I provided my reasons for preferring --checkbounds=no, so I’m not sure what you’d like me to clarify. I’ll hazard a guess that you’re trying to argue risky code should be an option, but the absence or removal of boundschecking typically isn’t intended to make memory-unsafe code, just eliminate unnecessary overhead after ensuring inbounds access in other ways. That applies just as much to --checkbounds=no. Silent errors, vulnerabilities, or crashes upon unvalidated inputs are considered bugs, and it’d be especially terrible for HPC.
Silent errors, vulnerabilities, or crashes upon unvalidated inputs are considered bugs
is it really a bug if it comes with a huge disclaimer in the docs?
I am not defending specifically the existence of --checkbounds=no ; I don’t know enough about the implementation details to have a strong opinion. But in more general terms a tool that takes compiled code and excises everything that looks like a boundscheck seems like a pretty reasonable desire.

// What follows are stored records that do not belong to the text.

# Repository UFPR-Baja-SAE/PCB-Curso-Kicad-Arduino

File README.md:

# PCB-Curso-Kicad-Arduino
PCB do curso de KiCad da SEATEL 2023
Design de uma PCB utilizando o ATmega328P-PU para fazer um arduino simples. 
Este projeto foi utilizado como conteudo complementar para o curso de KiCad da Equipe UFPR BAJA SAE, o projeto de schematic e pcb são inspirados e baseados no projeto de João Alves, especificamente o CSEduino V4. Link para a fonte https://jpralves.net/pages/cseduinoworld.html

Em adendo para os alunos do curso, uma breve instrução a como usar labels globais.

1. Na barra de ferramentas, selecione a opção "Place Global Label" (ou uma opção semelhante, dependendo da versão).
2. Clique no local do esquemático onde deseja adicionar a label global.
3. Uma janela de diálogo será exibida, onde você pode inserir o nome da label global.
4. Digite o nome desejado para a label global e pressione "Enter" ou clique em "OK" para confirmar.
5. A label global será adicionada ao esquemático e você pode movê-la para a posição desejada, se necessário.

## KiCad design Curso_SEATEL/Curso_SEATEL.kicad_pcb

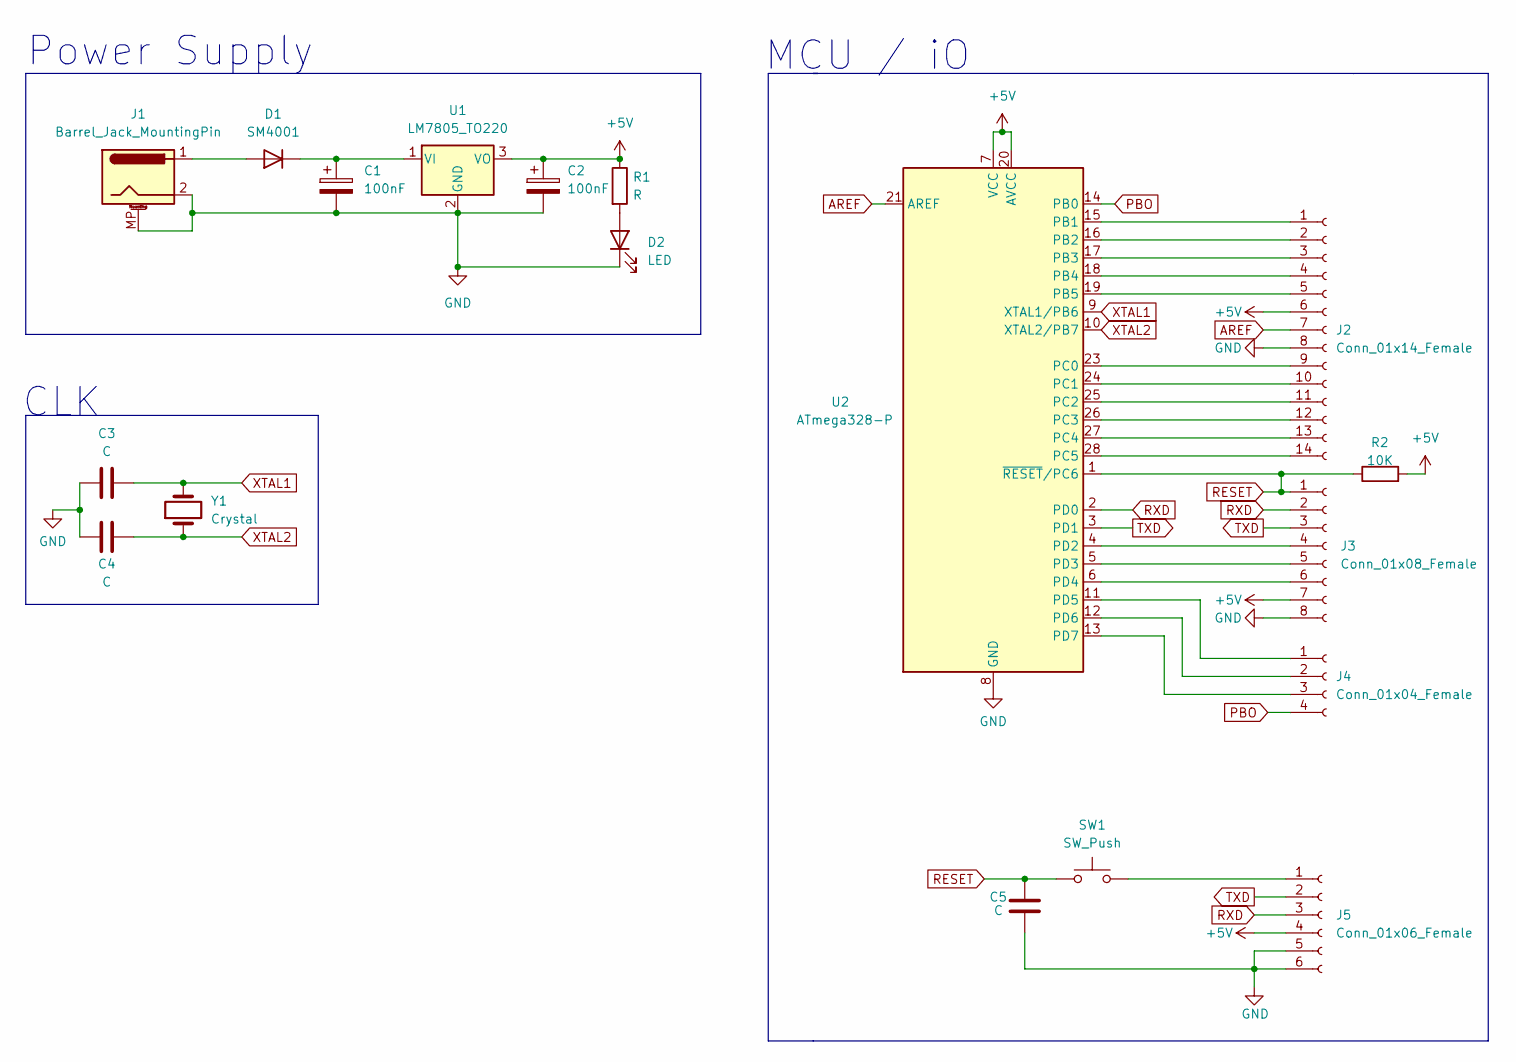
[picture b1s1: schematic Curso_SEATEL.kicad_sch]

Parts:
C1, C2: 100nF; CP_Radial_D6.3mm_P2.50mm
C3, C4, C5: C; C_0603_1608Metric
D1: SM4001; D_MELF
D2: LED; LED_0603_1608Metric
J1: Barrel_Jack_MountingPin; BarrelJack_GCT_DCJ200-10-A_Horizontal
J2: Conn_01x14_Female; PinSocket_1x14_P2.54mm_Vertical
J3: Conn_01x08_Female; PinSocket_1x08_P2.54mm_Vertical
J4: Conn_01x04_Female; PinSocket_1x04_P2.54mm_Vertical
J5: Conn_01x06_Female; PinSocket_1x06_P1.27mm_Vertical
R1: R; R_0603_1608Metric
R2: 10K; R_0603_1608Metric
SW1: SW_Push; SW_DIP_SPSTx01_Slide_6.7x4.1mm_W6.73mm_P2.54mm_LowProfile_J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
U1: LM7805_TO220; TO-220-3_Vertical
U2: ATmega328-P; DIP-28_W7.62mm
Y1: Crystal; Crystal_HC52-8mm_Vertical

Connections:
+5V: C2.1, J2.6, J3.7, J5.4, R1.1, R2.2, U1.3 (VO), U2.7 (VCC), U2.20 (AVCC)
AREF: J2.7, U2.21 (AREF)
GND: C1.2, C2.2, C3.1, C4.2, C5.1, D2.1 (K), J1.2, J1.MP (MountPin), J2.8, J3.8, J5.5, J5.6, U1.2 (GND), U2.8 (GND), U2.22 (GND)
unnamed: C1.1, D1.1 (K), U1.1 (VI)
unnamed: D1.2 (A), J1.1
unnamed: D2.2 (A), R1.2
unnamed: J2.1, U2.15 (PB1)
unnamed: J2.2, U2.16 (PB2)
unnamed: J2.3, U2.17 (PB3)
unnamed: J2.4, U2.18 (PB4)
unnamed: J2.5, U2.19 (PB5)
unnamed: J2.9, U2.23 (PC0)
unnamed: J2.10, U2.24 (PC1)
unnamed: J2.11, U2.25 (PC2)
unnamed: J2.12, U2.26 (PC3)
unnamed: J2.13, U2.27 (PC4)
unnamed: J2.14, U2.28 (PC5)
unnamed: J3.4, U2.4 (PD2)
unnamed: J3.5, U2.5 (PD3)
unnamed: J3.6, U2.6 (PD4)
unnamed: J4.1, U2.11 (PD5)
unnamed: J4.2, U2.12 (PD6)
unnamed: J4.3, U2.13 (PD7)
unnamed: J5.1, SW1.2
PBO: J4.4, U2.14 (PB0)
RESET: C5.2, J3.1, R2.1, SW1.1, U2.1 (~RESET/PC6)
RXD: J3.2, J5.3, U2.2 (PD0)
TXD: J3.3, J5.2, U2.3 (PD1)
XTAL1: C3.2, U2.9 (XTAL1/PB6), Y1.2
XTAL2: C4.1, U2.10 (XTAL2/PB7), Y1.1

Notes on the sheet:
MCU / iO
Power Supply
CLK

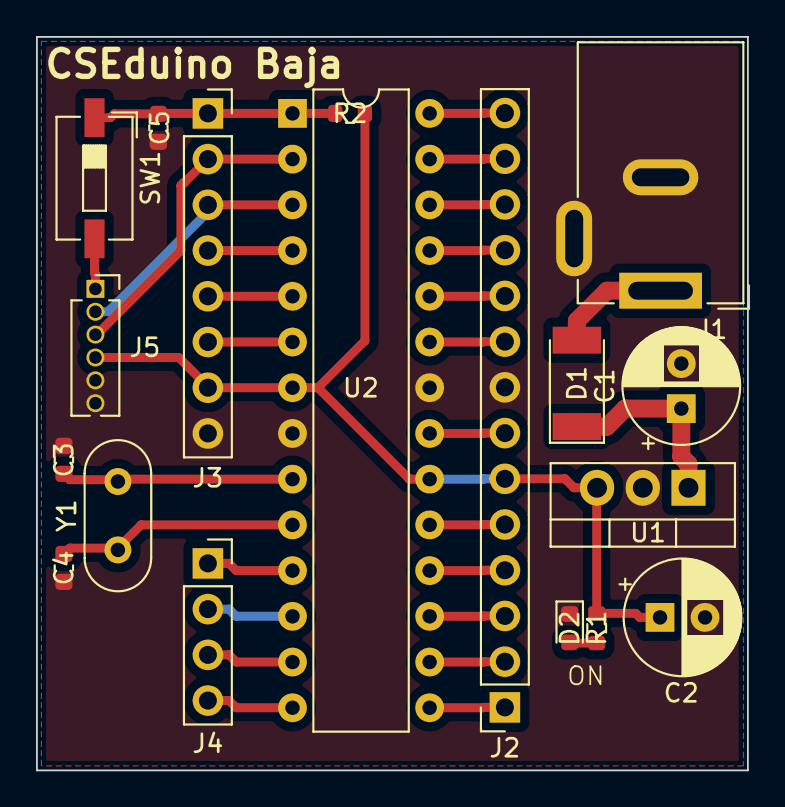
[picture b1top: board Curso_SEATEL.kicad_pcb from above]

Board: 2 copper layers, 39.5 x 40.8 mm, 18 parts (0 on the bottom side), 30 nets.

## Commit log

2023-05-20 PCB-Arduino
2023-05-21 Create README.md
    adicionado o readme para deixar o projeto publico

You can argue that it isn’t, but again, it’s irrelevant to my preference for --checkbounds=no.
As mentioned, the --checkbounds flag affecting other compiler optimizations is the problem. I don’t know why --checkbounds=no must obstruct constant folding, and this could be LLVM behavior that Julia can’t do much about. Consider the flip side, assuming inbounds access also opens up compiler optimizations like SIMD. Retroactively removing boundschecking from compiled code doesn’t add those optimizations, so we’d have to truly recompile anyway.
That’s probably an acceptable compromise - it would be for me. I’m OK with assuming that external packages (e.g. LinearAlgebra, etc.) would optimise appropriately and use @inbounds themselves when it is likely to improve performance. Being able to @inbounds all the code in my own project is what I want. [If it was possible to use @inbounds on an entire module, and a package can, at the moment, only be used with best performance with --check-bounds=no, then that package should @inbounds itself, and warn users to test with --check-bounds=yes. I guess that would be an unusual case though.]
This is true, but dealing with the fact that there would be undefined behaviour for an out-of-bounds array access is a very well-established and accepted part of working in HPC. We are all limited by the compute-time budget we have on whatever HPC cluster(s) we are using, so will spend the time to check correctness of indexing and verify inputs sufficiently to avoid out-of-bounds accesses during development and testing, before deploying the large simulations that provide scientific output. It’s for those large simulations where paying the cost of bounds-checking is not worth it, and so it is worth doing the work up front to not need bounds-checking.